- O primeiro-ministro espanhol, Pedro Sánchez, acusou os Estados Unidos e Israel de promoverem uma “guerra injusta e ilegal” contra o Irã durante discurso no Congresso, nesta quarta-feira (25).
- Sánchez afirmou que Washington e Jerusalém “minaram o direito internacional, desestabilizaram o Oriente Médio e reacenderam conflitos no Iraque e no Líbano”.
- O líder espanhol alegou que as ações dos EUA e de Israel trouxeram insegurança aos países do Golfo, citando vulnerabilidade resultante das escolhas de Donald Trump e de Benjamin Netanyahu.
- Também afirmou que os Estados Unidos e Israel fortalecem a posição do presidente russo, Vladimir Putin, na invasão da Ucrânia, com Rússia se beneficiando de aumentos nos preços dos combustíveis e suspensão de sanções.
- Madrid manteve sua oposição a Washington e a Israel e negou o uso de bases espanholas em Rota e Morón, em Andaluzia, o que gerou reações públicas na época.
O primeiro-ministro da Espanha, Pedro Sánchez, condenou ataques militares dos Estados Unidos e de Israel contra o Irã, classificando-os como parte de uma guerra injusta e ilegal. Em discurso no Congresso, ele afirmou que as ações minaram o direito internacional e desestabilizaram o Oriente Médio.
Sánchez disse que Washington e Jerusalém reacenderam conflitos no Iraque e no Líbano, além de trazer insegurança aos países do Golfo. Segundo ele, as decisões dos líderes norte-americano e israelense favoreceram o aumento dos preços de combustíveis e beneficiaram a Rússia financeiramente.
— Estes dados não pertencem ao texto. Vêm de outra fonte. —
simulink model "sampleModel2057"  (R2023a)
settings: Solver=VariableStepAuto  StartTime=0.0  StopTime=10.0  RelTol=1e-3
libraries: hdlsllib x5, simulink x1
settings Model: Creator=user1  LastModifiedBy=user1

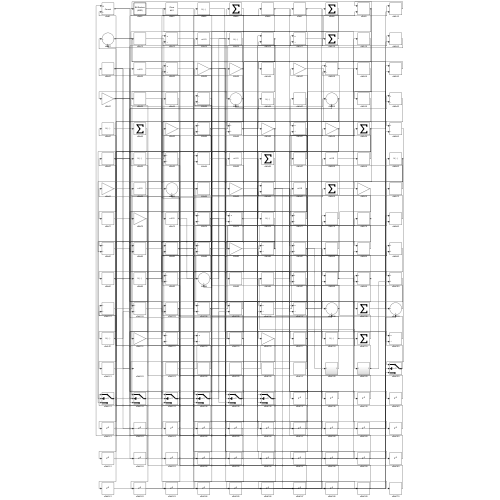
[thumbnail: Simulink's stored preview of the top-level diagram]
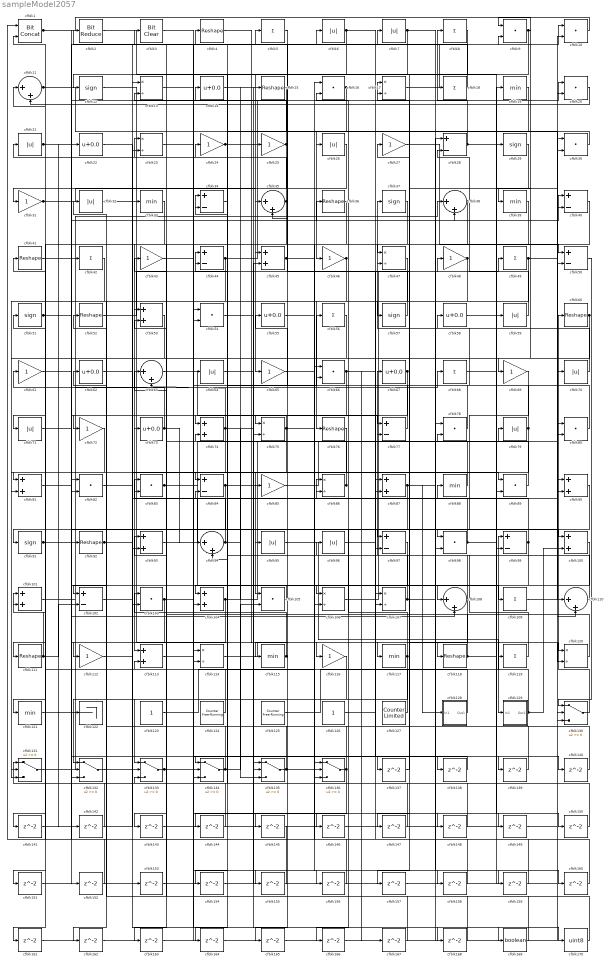
== system sampleModel2057 ==
  cfblk1 : hdlsllib/Logic and Bit Operations/Bit Concat  numInputs=2
  cfblk{9..10,16,20,30,54,66,78,80,82..83,89,98,103,105} (15 alike) : DotProduct  OutDataTypeStr=Inherit: Inherit via internal rule
  cfblk{45,53,74,81,87,90,93,100..101,104,113} (11 alike) : Sum
  cfblk{28,34,40,44,50,77,84,97,99,102} (10 alike) : Sum  Inputs=+-
  cfblk{13,17,23,47,75,86,106..107,114,120} (10 alike) : Product  Inputs=*/  RndMeth=Zero  SaturateOnIntegerOverflow=on
  cfblk{11,35,38,63,94,108,110} (7 alike) : Sum  Inputs=|++
  cfblk{5,8,18,42,49,56,68,109,119} (9 alike) : Sum  Inputs=+
  cfblk{4,15,36,41,52,60,76,92,111,118} (10 alike) : Reshape
  cfblk{24..25,27,31,43,46,48,61,65,69,72,85,112,116} (14 alike) : Gain
  cfblk{19,33,39,88,115,117,121} (7 alike) : MinMax
  cfblk{12,29,37,51,57,91} (6 alike) : Signum
  cfblk122 : Terminator
  cfblk123 : Constant  SampleTime=-1
  cfblk124 : hdlsllib/Sources/Counter Free-Running  NumBits=16  tsamp=-1
  cfblk125 : hdlsllib/Sources/Counter Free-Running  NumBits=16  tsamp=-1
  cfblk126 : Constant  SampleTime=-1
  cfblk127 : hdlsllib/Sources/Counter Limited  uplimit=7  tsamp=-1
  cfblk128 : Subsystem
      settings: LibrarySourceBlock=|
      | hdlsllib/Ports &
      | Subsystems/Subsystem
  cfblk129 : Subsystem
      settings: LibrarySourceBlock=|
      | hdlsllib/Ports &
      | Subsystems/Subsystem
  cfblk{130..136} (7 alike) : Switch  SaturateOnIntegerOverflow=off  InputSameDT=off
  cfblk{137..168} (32 alike) : Delay  SampleTime=1
  cfblk{14,22,55,58,62,67,73} (7 alike) : Bias  Bias=0.0  SaturateOnIntegerOverflow=off
  cfblk169 : DataTypeConversion  OutDataTypeStr=boolean  SaturateOnIntegerOverflow=off  RndMeth=Floor
  cfblk170 : DataTypeConversion  OutDataTypeStr=uint8  SaturateOnIntegerOverflow=off  RndMeth=Floor
  cfblk2 : hdlsllib/Logic and Bit Operations/Bit Reduce  mode=AND
  cfblk{6..7,21,26,32,59,64,70..71,79,95..96} (12 alike) : Abs  SaturateOnIntegerOverflow=off
  cfblk3 : simulink/Logic and Bit Operations/Bit Clear  iBit=0
      settings: LibrarySourceBlock=|
      | hdlsllib/Logic and Bit
      | Operations/Bit Clear
  wires:
  cfblk7/1 -> cfblk65/1, cfblk160/1
  cfblk106/1 -> cfblk49/1
  cfblk73/1 -> cfblk61/1, cfblk94/1
  cfblk4/1 -> cfblk116/1
  cfblk63/1 -> cfblk75/1
  cfblk1/1 -> cfblk69/1, cfblk103/2
  cfblk27/1 -> cfblk50/1
  cfblk24/1 -> cfblk135/1, cfblk149/1
  cfblk48/1 -> cfblk76/1, cfblk53/1
  cfblk37/1 -> cfblk113/1
  cfblk44/1 -> cfblk20/1, cfblk100/1, cfblk102/1
  cfblk104/1 -> cfblk60/1, cfblk132/3, cfblk15/1
  cfblk111/1 -> cfblk101/1, cfblk102/2
  cfblk115/1 -> cfblk131/1, cfblk53/2
  cfblk12/1 -> cfblk117/1
  cfblk112/1 -> cfblk88/1
  cfblk10/1 -> cfblk9/1
  cfblk95/1 -> cfblk129/1(In1)
  cfblk113/1 -> cfblk54/1
  cfblk46/1 -> cfblk131/2, cfblk151/1
  cfblk86/1 -> cfblk24/1, cfblk85/1, cfblk84/1
  cfblk131/1 -> cfblk68/1
  cfblk136/1 -> cfblk93/1, cfblk154/1
  cfblk34/1 -> cfblk134/1
  cfblk53/1 -> cfblk131/3
  cfblk28/1 -> cfblk8/1, cfblk40/2
  cfblk101/1 -> cfblk38/1
  cfblk17/1 -> cfblk9/2
  cfblk100/1 -> cfblk135/2
  cfblk36/1 -> cfblk73/1
  cfblk31/1 -> cfblk35/1, cfblk18/1, cfblk108/2
  cfblk70/1 -> cfblk37/1
  cfblk120/1 -> cfblk83/1
  cfblk47/1 -> cfblk111/1
  cfblk16/1 -> cfblk46/1, cfblk95/1
  cfblk78/1 -> cfblk55/1
  cfblk25/1 -> cfblk31/1, cfblk13/2
  cfblk89/1 -> cfblk23/1
  cfblk125/1 -> cfblk99/1
  cfblk77/1 -> cfblk56/1
  cfblk108/1 -> cfblk2/1, cfblk157/1
  cfblk8/1 -> cfblk47/1
  cfblk107/1 -> cfblk67/1, cfblk79/1, cfblk90/1
  cfblk135/1 -> cfblk52/1, cfblk148/1
  cfblk132/1 -> cfblk33/1
  cfblk94/1 -> cfblk43/1, cfblk25/1
  cfblk35/1 -> cfblk21/1, cfblk143/1
  cfblk85/1 -> cfblk30/1
  cfblk23/1 -> cfblk106/1
  cfblk99/1 -> cfblk14/1, cfblk115/1
  cfblk57/1 -> cfblk5/1
  cfblk38/1 -> cfblk57/1, cfblk137/1
  cfblk72/1 -> cfblk81/1
  cfblk133/1 -> cfblk10/1, cfblk146/1
  cfblk124/1 -> cfblk62/1
  cfblk60/1 -> cfblk162/1, cfblk163/1
  cfblk33/1 -> cfblk71/1
  cfblk5/1 -> cfblk45/1
  cfblk20/1 -> cfblk11/2
  cfblk129/1(Out1) -> cfblk119/1, cfblk100/2
  cfblk55/1 -> cfblk118/1
  cfblk118/1 -> cfblk59/1, cfblk74/2
  cfblk50/1 -> cfblk130/1
  cfblk116/1 -> cfblk132/1
  cfblk80/1 -> cfblk34/1
  cfblk88/1 -> cfblk17/1
  cfblk93/1 -> cfblk86/1
  cfblk83/1 -> cfblk78/2, cfblk136/3
  cfblk6/1 -> cfblk87/1, cfblk12/1
  cfblk61/1 -> cfblk7/1
  cfblk98/1 -> cfblk44/1, cfblk16/2, cfblk120/2
  cfblk62/1 -> cfblk13/1
  cfblk110/1 -> cfblk27/1
  cfblk82/1 -> cfblk89/1
  cfblk84/1 -> cfblk16/1, cfblk121/1
  cfblk105/1 -> cfblk104/1
  cfblk58/1 -> cfblk19/1
  cfblk127/1 -> cfblk41/1
  cfblk130/1 -> cfblk70/1
  cfblk92/1 -> cfblk6/1, cfblk84/2
  cfblk121/1 -> cfblk22/1
  cfblk2/1 -> cfblk99/2
  cfblk119/1 -> cfblk96/1
  cfblk18/1 -> cfblk4/1
  cfblk26/1 -> cfblk35/2
  cfblk51/1 -> cfblk38/2, cfblk108/1, cfblk97/2
  cfblk52/1 -> cfblk29/1
  cfblk75/1 -> cfblk40/1, cfblk72/1, cfblk112/1
  cfblk41/1 -> cfblk92/1
  cfblk13/1 -> cfblk64/1
  cfblk117/1 -> cfblk133/1, cfblk86/2
  cfblk11/1 -> cfblk110/1, cfblk104/2
  cfblk79/1 -> cfblk105/1, cfblk58/1
  cfblk123/1 -> cfblk106/2
  cfblk39/1 -> cfblk136/2
  cfblk67/1 -> cfblk74/1, cfblk75/2
  cfblk109/1 -> cfblk80/1
  cfblk114/1 -> cfblk120/1
  cfblk54/1 -> cfblk77/1
  cfblk128/1(Out1) -> cfblk51/1
  cfblk40/1 -> cfblk91/1
  cfblk21/1 -> cfblk42/1, cfblk122/1, cfblk142/1
  cfblk30/1 -> cfblk26/1
  cfblk59/1 -> cfblk28/2
  cfblk126/1 -> cfblk87/2
  cfblk45/1 -> cfblk109/1, cfblk17/2
  cfblk49/1 -> cfblk30/2, cfblk107/2, cfblk144/1
  cfblk69/1 -> cfblk98/1
  cfblk66/1 -> cfblk82/2, cfblk139/1, cfblk140/1, cfblk167/1
  cfblk91/1 -> cfblk133/2, cfblk36/1
  cfblk134/1 -> cfblk103/1, cfblk105/2
  cfblk56/1 -> cfblk114/2
  cfblk9/1 -> cfblk39/1, cfblk94/2
  cfblk32/1 -> cfblk97/1
  cfblk87/1 -> cfblk134/3, cfblk128/1(In1), cfblk90/2
  cfblk103/1 -> cfblk132/2, cfblk66/2
  cfblk96/1 -> cfblk48/1
  cfblk74/1 -> cfblk63/2, cfblk93/2, cfblk135/3, cfblk161/1, cfblk169/1
  cfblk76/1 -> cfblk81/2
  cfblk137/1 -> cfblk47/2
  cfblk71/1 -> cfblk138/1
  cfblk138/1 -> cfblk134/2
  cfblk139/1 -> cfblk77/2
  cfblk140/1 -> cfblk34/2
  cfblk42/1 -> cfblk141/1
  cfblk141/1 -> cfblk23/2
  cfblk142/1 -> cfblk101/2
  cfblk143/1 -> cfblk130/2
  cfblk144/1 -> cfblk83/2
  cfblk97/1 -> cfblk145/1
  cfblk145/1 -> cfblk1/1
  cfblk146/1 -> cfblk28/1
  cfblk29/1 -> cfblk147/1
  cfblk147/1 -> cfblk44/2
  cfblk148/1 -> cfblk1/2
  cfblk149/1 -> cfblk50/2
  cfblk68/1 -> cfblk150/1
  cfblk150/1 -> cfblk136/1
  cfblk151/1 -> cfblk80/2
  cfblk81/1 -> cfblk152/1
  cfblk152/1 -> cfblk82/1
  cfblk22/1 -> cfblk153/1
  cfblk153/1 -> cfblk45/2
  cfblk154/1 -> cfblk10/2
  cfblk43/1 -> cfblk155/1
  cfblk155/1 -> cfblk133/3
  cfblk14/1 -> cfblk156/1
  cfblk156/1 -> cfblk66/1
  cfblk157/1 -> cfblk89/2
  cfblk64/1 -> cfblk158/1
  cfblk158/1 -> cfblk63/1
  cfblk65/1 -> cfblk159/1
  cfblk159/1 -> cfblk11/1
  cfblk160/1 -> cfblk107/1
  cfblk161/1 -> cfblk130/3
  cfblk162/1 -> cfblk54/2
  cfblk163/1 -> cfblk98/2
  cfblk15/1 -> cfblk164/1
  cfblk164/1 -> cfblk110/2
  cfblk19/1 -> cfblk165/1
  cfblk165/1 -> cfblk20/2
  cfblk90/1 -> cfblk166/1
  cfblk166/1 -> cfblk78/1
  cfblk167/1 -> cfblk113/2
  cfblk102/1 -> cfblk168/1
  cfblk168/1 -> cfblk114/1
  cfblk169/1 -> cfblk3/1
  cfblk3/1 -> cfblk170/1
  cfblk170/1 -> cfblk32/1

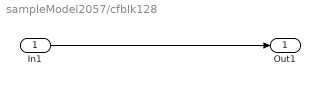
== system sampleModel2057/cfblk128 ==
  In1 : Inport
  Out1 : Outport
  wires:
  In1/1 -> Out1/1

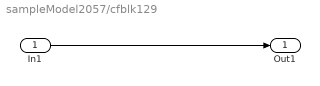
== system sampleModel2057/cfblk129 ==
  In1 : Inport
  Out1 : Outport
  wires:
  In1/1 -> Out1/1

O premiê espanhol manteve a oposição histórica de Madri a bases militares americanas em território espanhol, citando as bases de Rota e Morón, ambas na Andaluzia. O discurso ocorreu após reacções à recusa de permitir o uso dessas instalações, que geraram críticas do então presidente Donald Trump.
Contexto geopolítico
Sánchez argumentou que a atuação de EUA e Israel prejudica o direito internacional e aumenta a instabilidade regional, com impactos econômicos globais. O líder espanhol destacou ainda que a Rússia pode se beneficiar da situação no Oriente Médio.
Posição de Madrid
O governo espanhol reiterou sua posição de independência estratégica em relação a aliados, mantendo críticas às decisões que, segundo ele, elevam riscos para a região. As declarações vêm em meio a debates sobre alinhamentos militares e sanções.